For a period of twenty years the existing Turkish customs tariff shall remain in force throughout the whole of the blue and red areas, as well as in areas (a) and (b), and no increase in the rates of duty or conversions from ad valorem to specific rates shall be made except by agreement between the two powers.

There shall be no interior customs barriers between any of the above mentioned areas. The customs duties leviable on goods destined for the interior shall be collected at the port of entry and handed over to the administration of the area of destination.

It shall be agreed that the French government will at no time enter into any negotiations for the cession of their rights and will not cede such rights in the blue area to any third power, except the Arab state or confederation of Arab states, without the previous agreement of his majesty's government, who, on their part, will give a similar undertaking to the French government regarding the red area.

The British and French government, as the protectors of the Arab state, shall agree that they will not themselves acquire and will not consent to a third power acquiring territorial possessions in the Arabian peninsula, nor consent to a third power installing a naval base either on the east coast, or on the islands, of the red sea. This, however, shall not prevent such adjustment of the Aden frontier as may be necessary in consequence of recent Turkish aggression.

The negotiations with the Arabs as to the boundaries of the Arab states shall be continued through the same channel as heretofore on behalf of the two powers.

It is agreed that measures to control the importation of arms into the Arab territories will be considered by the two governments.
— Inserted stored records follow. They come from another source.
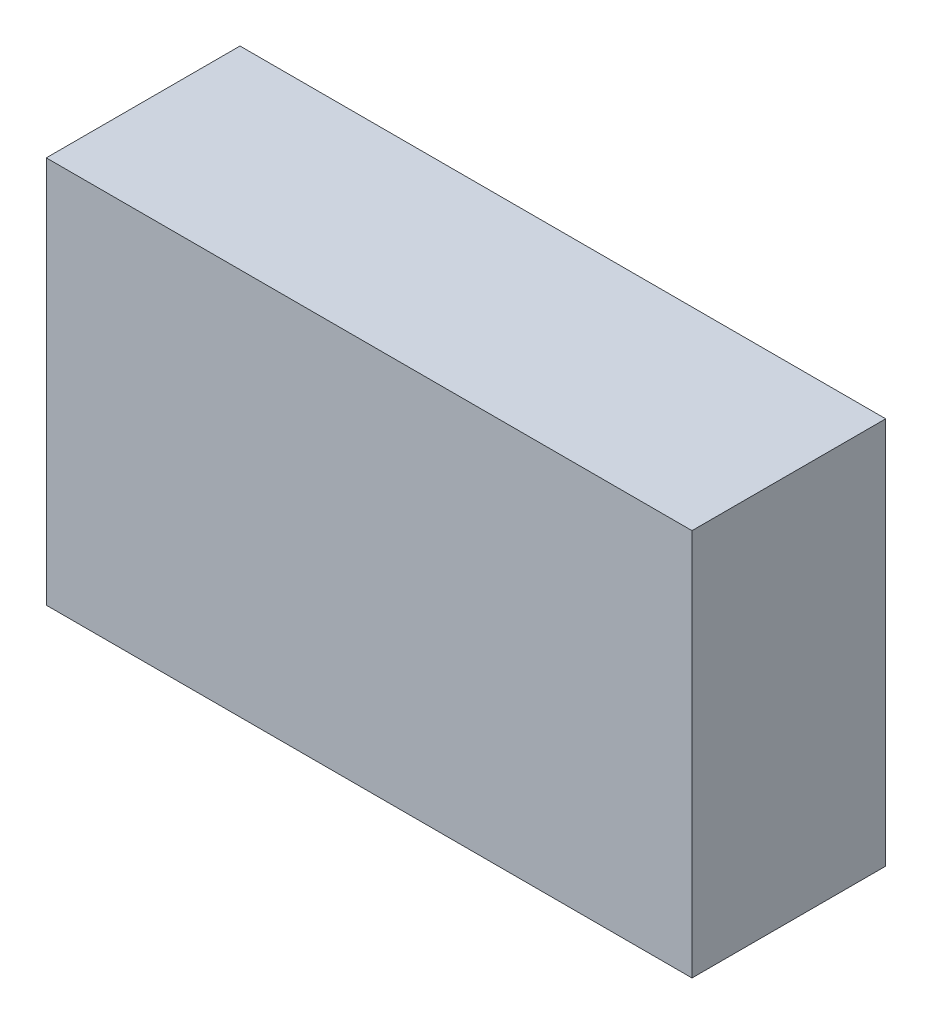
SolidWorks part; units mm, degrees
ref_plane "Front Plane" through (0, 0, 0) normal (0, 0, 1) x (1, 0, 0)
ref_plane "Top Plane" through (0, 0, 0) normal (0, 1, 0) x (1, 0, 0)
ref_plane "Right Plane" through (0, 0, 0) normal (1, 0, 0) x (0, 0, -1)
sketch "Sketch1" plane through (0, 0, 0) normal (0, 0, 1) x (1, 0, 0)
  line L1 (0, 0) -> (100, 0)
  line L2 (0, 0) -> (0, 60)
  line L3 (0, 60) -> (100, 60)
  line L4 (100, 0) -> (100, 60)
  dimension "D1" = 100
  dimension "D2" = 60
extrude "Base_Extrude" add sketch "Sketch1" along normal blind 30
equation "\"outer_length\" = 100mm"
equation "\"outer_width\" = 60mm"
equation "\"height\" = 30mm"
equation "\"D1@Sketch1\" = \"outer_length\""
equation "\"D2@Sketch1\" = \"outer_width\""
equation "\"D1@Base_Extrude\" = \"height\""

I have further the honor to state that, in order to make the agreement complete, His Majesty's Government are proposing to the Russian government to exchange notes analogous to those exchanged by the latter and your Excellency's Government on the 26th April last. Copies of these notes will be communicated to your Excellency as soon as exchanged. I would also venture to remind your Excellency that the conclusion of the present agreement raises, for practical consideration, the question of claims of Italy to a share in any partition or rearrangement of turkey in Asia, as formulated in article 9 of the agreement of the 26th April, 1915, between Italy and the allies.

His Majesty's Government further consider that the Japanese government should be informed of the arrangements now concluded.